The automatic driving vehicle needs to grasp the surrounding environment information in order to drive safely. There are many sensors that can be used to provide this information to autonomous vehicles, including cameras and Global Navigation Satellite System (GNSS) sensors. However, only three sensing models can provide direct range measurement: an ultrasonic sensor for short range measurement, a radar for object detection, and a lidar for 3D environmental sensing.

Nowadays, these sensors can be used in both passenger cars and driverless cars, but there are differences in their applications. Passenger cars have limited self-driving ability, and by definition, driverless cars must rely on sensor redundancy to achieve full self-driving. Because air can cause a large attenuation of ultrasound, the detection range of ultrasonic sensors is limited to several meters, and they are mainly used for parking assistance. Radar is commonly used in passenger vehicles for adaptive cruise control (ACC) and automatic emergency braking (AEB). Therefore, in Yole's latest report "Automotive Radar and Wireless Communications - 2019 Edition", it is predicted that the automobile radar market will exceed $8 billion in 2024.

Unmanned vehicles can use 4D imaging radar with large antenna arrays to achieve angular resolution of less than 1 degree, or tens of small UWB high resolution radars. However, the current size of 4D imaging radars is larger than 10 x 10 cm, which makes conventional car designers less likely to see them. At the same time, the detection range of UWB radar is limited to tens of meters. The lidar, which costs thousands of dollars, is not attractive to car manufacturers. However, they have high performance, such as 200 meters detection range and 0.1 degree angular resolution, and are widely favored by driverless car companies.
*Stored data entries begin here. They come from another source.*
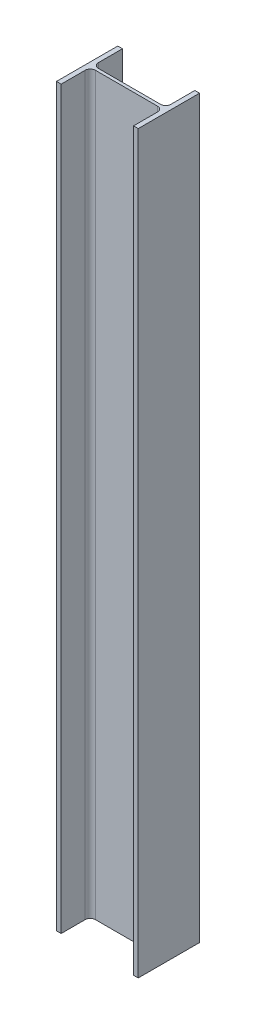
ISO-10303-21;
HEADER;
FILE_DESCRIPTION(('STEP AP214'),'2;1');
FILE_NAME('part.step','',(''),(''),'','','');
FILE_SCHEMA(('AUTOMOTIVE_DESIGN { 1 0 10303 214 1 1 1 1 }'));
ENDSEC;
DATA;
#1=APPLICATION_CONTEXT('core data for automotive mechanical design processes');
#2=APPLICATION_PROTOCOL_DEFINITION('international standard','automotive_design',2000,#1);
#3=PRODUCT_CONTEXT('',#1,'mechanical');
#4=PRODUCT('Part','Part','',(#3));
#5=PRODUCT_RELATED_PRODUCT_CATEGORY('part','',(#4));
#6=PRODUCT_DEFINITION_FORMATION('','',#4);
#7=PRODUCT_DEFINITION_CONTEXT('part definition',#1,'design');
#8=PRODUCT_DEFINITION('design','',#6,#7);
#9=PRODUCT_DEFINITION_SHAPE('','',#8);
#10=(LENGTH_UNIT() NAMED_UNIT(*) SI_UNIT(.MILLI.,.METRE.));
#11=(NAMED_UNIT(*) PLANE_ANGLE_UNIT() SI_UNIT($,.RADIAN.));
#12=(NAMED_UNIT(*) SI_UNIT($,.STERADIAN.) SOLID_ANGLE_UNIT());
#13=UNCERTAINTY_MEASURE_WITH_UNIT(LENGTH_MEASURE(1.E-05),#10,'distance_accuracy_value','');
#14=(GEOMETRIC_REPRESENTATION_CONTEXT(3) GLOBAL_UNCERTAINTY_ASSIGNED_CONTEXT((#13)) GLOBAL_UNIT_ASSIGNED_CONTEXT((#10,
#11,#12)) REPRESENTATION_CONTEXT('',''));
#15=CARTESIAN_POINT('',(0.,0.,0.));
#16=DIRECTION('',(0.,0.,1.));
#17=DIRECTION('',(1.,0.,0.));
#18=AXIS2_PLACEMENT_3D('',#15,#16,#17);
#19=CARTESIAN_POINT('',(104.775,457.2,-76.2000000000002));
#20=DIRECTION('',(-1.,0.,0.));
#21=DIRECTION('',(0.,0.,1.));
#22=AXIS2_PLACEMENT_3D('',#19,#20,#21);
#23=PLANE('',#22);
#24=DIRECTION('',(0.,0.,-1.));
#25=VECTOR('',#24,1.);
#26=CARTESIAN_POINT('',(104.775,-457.2,-76.2000000000002));
#27=LINE('',#26,#25);
#28=CARTESIAN_POINT('',(104.775,-457.2,-1.59594559789866E-13));
#29=VERTEX_POINT('',#28);
#30=CARTESIAN_POINT('',(104.775,-457.2,-76.2000000000002));
#31=VERTEX_POINT('',#30);
#32=EDGE_CURVE('E238',#29,#31,#27,.T.);
#33=ORIENTED_EDGE('',*,*,#32,.T.);
#34=DIRECTION('',(0.,-1.,0.));
#35=VECTOR('',#34,1.);
#36=CARTESIAN_POINT('',(104.775,457.2,-76.2000000000002));
#37=LINE('',#36,#35);
#38=CARTESIAN_POINT('',(104.775,457.2,-76.2000000000002));
#39=VERTEX_POINT('',#38);
#40=EDGE_CURVE('E13',#39,#31,#37,.T.);
#41=ORIENTED_EDGE('',*,*,#40,.F.);
#42=DIRECTION('',(0.,0.,-1.));
#43=VECTOR('',#42,1.);
#44=CARTESIAN_POINT('',(104.775,457.2,-76.2000000000002));
#45=LINE('',#44,#43);
#46=CARTESIAN_POINT('',(104.775,457.2,-1.59594559789866E-13));
#47=VERTEX_POINT('',#46);
#48=EDGE_CURVE('E268',#47,#39,#45,.T.);
#49=ORIENTED_EDGE('',*,*,#48,.F.);
#50=DIRECTION('',(0.,-1.,0.));
#51=VECTOR('',#50,1.);
#52=CARTESIAN_POINT('',(104.775,457.2,-1.59594559789866E-13));
#53=LINE('',#52,#51);
#54=EDGE_CURVE('E234',#47,#29,#53,.T.);
#55=ORIENTED_EDGE('',*,*,#54,.T.);
#56=EDGE_LOOP('',(#33,#41,#49,#55));
#57=FACE_BOUND('',#56,.T.);
#58=ADVANCED_FACE('F94',(#57),#23,.F.);
#59=CARTESIAN_POINT('',(98.9329999999999,457.2,-76.2000000000002));
#60=DIRECTION('',(0.,0.,1.));
#61=DIRECTION('',(1.,0.,0.));
#62=AXIS2_PLACEMENT_3D('',#59,#60,#61);
#63=PLANE('',#62);
#64=DIRECTION('',(-1.,0.,0.));
#65=VECTOR('',#64,1.);
#66=CARTESIAN_POINT('',(98.9329999999999,-457.2,-76.2000000000002));
#67=LINE('',#66,#65);
#68=CARTESIAN_POINT('',(98.9329999999999,-457.2,-76.2000000000002));
#69=VERTEX_POINT('',#68);
#70=EDGE_CURVE('E241',#31,#69,#67,.T.);
#71=ORIENTED_EDGE('',*,*,#70,.T.);
#72=DIRECTION('',(0.,-1.,0.));
#73=VECTOR('',#72,1.);
#74=CARTESIAN_POINT('',(98.9329999999999,457.2,-76.2000000000002));
#75=LINE('',#74,#73);
#76=CARTESIAN_POINT('',(98.9329999999999,457.2,-76.2000000000002));
#77=VERTEX_POINT('',#76);
#78=EDGE_CURVE('E102',#77,#69,#75,.T.);
#79=ORIENTED_EDGE('',*,*,#78,.F.);
#80=DIRECTION('',(-1.,0.,0.));
#81=VECTOR('',#80,1.);
#82=CARTESIAN_POINT('',(98.9329999999999,457.2,-76.2000000000002));
#83=LINE('',#82,#81);
#84=EDGE_CURVE('E177',#39,#77,#83,.T.);
#85=ORIENTED_EDGE('',*,*,#84,.F.);
#86=ORIENTED_EDGE('',*,*,#40,.T.);
#87=EDGE_LOOP('',(#71,#79,#85,#86));
#88=FACE_BOUND('',#87,.T.);
#89=ADVANCED_FACE('F366',(#88),#63,.F.);
#90=CARTESIAN_POINT('',(98.933,457.2,-46.3550000000002));
#91=DIRECTION('',(1.,0.,0.));
#92=DIRECTION('',(0.,0.,-1.));
#93=AXIS2_PLACEMENT_3D('',#90,#91,#92);
#94=PLANE('',#93);
#95=DIRECTION('',(0.,0.,1.));
#96=VECTOR('',#95,1.);
#97=CARTESIAN_POINT('',(98.933,-457.2,-46.3550000000002));
#98=LINE('',#97,#96);
#99=CARTESIAN_POINT('',(98.933,-457.2,-46.3550000000002));
#100=VERTEX_POINT('',#99);
#101=EDGE_CURVE('E243',#69,#100,#98,.T.);
#102=ORIENTED_EDGE('',*,*,#101,.T.);
#103=DIRECTION('',(0.,-1.,0.));
#104=VECTOR('',#103,1.);
#105=CARTESIAN_POINT('',(98.933,457.2,-46.3550000000002));
#106=LINE('',#105,#104);
#107=CARTESIAN_POINT('',(98.933,457.2,-46.3550000000002));
#108=VERTEX_POINT('',#107);
#109=EDGE_CURVE('E299',#108,#100,#106,.T.);
#110=ORIENTED_EDGE('',*,*,#109,.F.);
#111=DIRECTION('',(0.,0.,1.));
#112=VECTOR('',#111,1.);
#113=CARTESIAN_POINT('',(98.933,457.2,-46.3550000000002));
#114=LINE('',#113,#112);
#115=EDGE_CURVE('E307',#77,#108,#114,.T.);
#116=ORIENTED_EDGE('',*,*,#115,.F.);
#117=ORIENTED_EDGE('',*,*,#78,.T.);
#118=EDGE_LOOP('',(#102,#110,#116,#117));
#119=FACE_BOUND('',#118,.T.);
#120=ADVANCED_FACE('F305',(#119),#94,.F.);
#121=CARTESIAN_POINT('',(92.5829999999999,457.2,-46.3550000000001));
#122=DIRECTION('',(0.,-1.,0.));
#123=DIRECTION('',(0.,0.,-1.));
#124=AXIS2_PLACEMENT_3D('',#121,#122,#123);
#125=CYLINDRICAL_SURFACE('',#124,6.35000000000001);
#126=CARTESIAN_POINT('',(92.5829999999999,-457.2,-46.3550000000001));
#127=DIRECTION('',(0.,-1.,0.));
#128=DIRECTION('',(0.,0.,1.));
#129=AXIS2_PLACEMENT_3D('',#126,#127,#128);
#130=CIRCLE('',#129,6.35000000000001);
#131=CARTESIAN_POINT('',(92.583,-457.2,-40.0050000000002));
#132=VERTEX_POINT('',#131);
#133=EDGE_CURVE('E245',#100,#132,#130,.T.);
#134=ORIENTED_EDGE('',*,*,#133,.T.);
#135=DIRECTION('',(0.,-1.,0.));
#136=VECTOR('',#135,1.);
#137=CARTESIAN_POINT('',(92.583,457.2,-40.0050000000002));
#138=LINE('',#137,#136);
#139=CARTESIAN_POINT('',(92.583,457.2,-40.0050000000002));
#140=VERTEX_POINT('',#139);
#141=EDGE_CURVE('E296',#140,#132,#138,.T.);
#142=ORIENTED_EDGE('',*,*,#141,.F.);
#143=CARTESIAN_POINT('',(92.5829999999999,457.2,-46.3550000000001));
#144=DIRECTION('',(0.,-1.,0.));
#145=DIRECTION('',(0.,0.,1.));
#146=AXIS2_PLACEMENT_3D('',#143,#144,#145);
#147=CIRCLE('',#146,6.35000000000001);
#148=EDGE_CURVE('E325',#108,#140,#147,.T.);
#149=ORIENTED_EDGE('',*,*,#148,.F.);
#150=ORIENTED_EDGE('',*,*,#109,.T.);
#151=EDGE_LOOP('',(#134,#142,#149,#150));
#152=FACE_BOUND('',#151,.T.);
#153=ADVANCED_FACE('F316',(#152),#125,.F.);
#154=CARTESIAN_POINT('',(15.367,457.2,-40.0049999999999));
#155=DIRECTION('',(0.,0.,1.));
#156=DIRECTION('',(1.,0.,0.));
#157=AXIS2_PLACEMENT_3D('',#154,#155,#156);
#158=PLANE('',#157);
#159=DIRECTION('',(-1.,0.,0.));
#160=VECTOR('',#159,1.);
#161=CARTESIAN_POINT('',(15.367,-457.2,-40.0049999999999));
#162=LINE('',#161,#160);
#163=CARTESIAN_POINT('',(15.367,-457.2,-40.0049999999999));
#164=VERTEX_POINT('',#163);
#165=EDGE_CURVE('E247',#132,#164,#162,.T.);
#166=ORIENTED_EDGE('',*,*,#165,.T.);
#167=DIRECTION('',(0.,-1.,0.));
#168=VECTOR('',#167,1.);
#169=CARTESIAN_POINT('',(15.367,457.2,-40.0049999999999));
#170=LINE('',#169,#168);
#171=CARTESIAN_POINT('',(15.367,457.2,-40.0049999999999));
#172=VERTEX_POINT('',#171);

There is no doubt that these technologies will continue to develop in the future. One of the driving factors is to integrate them into passenger cars to achieve a three-level ADAS. In 2019, 3D radars will enter the market, bringing vertical field of view and Doppler sensing capabilities. The fusion of 3D radar, camera and GNSS sensors may be enough to achieve the lane-level accuracy required for Level 3 ADAS. This situation may seriously affect the business development of lidar and limit the application of lidar in the automobile market.

In addition, the further development of 4D imaging radar is expected to make it suitable for personal vehicles. The first batch of commercialized products may be on the market from 2025 to 2030, just in time to catch up with the market penetration of Grade 4 ADAS. For lidar sensors, thanks to the application of new technologies such as MEMS optical scanning and Flash lidar photodetector array, it is expected that the price of lidar sensors will be greatly reduced in the same period. Another key factor in the price reduction of lidar is the market scale effect, which is caused by the scale of output.

The sensor industry is so hot that no one can really predict how the 4-level ADAS and future sensor combinations will eventually develop. Therefore, the industry is investing in the most promising technology in the future. Radar and lidar performance and cost competitions have begun. Competition is conducive to driving technology forward. This deserves our close attention!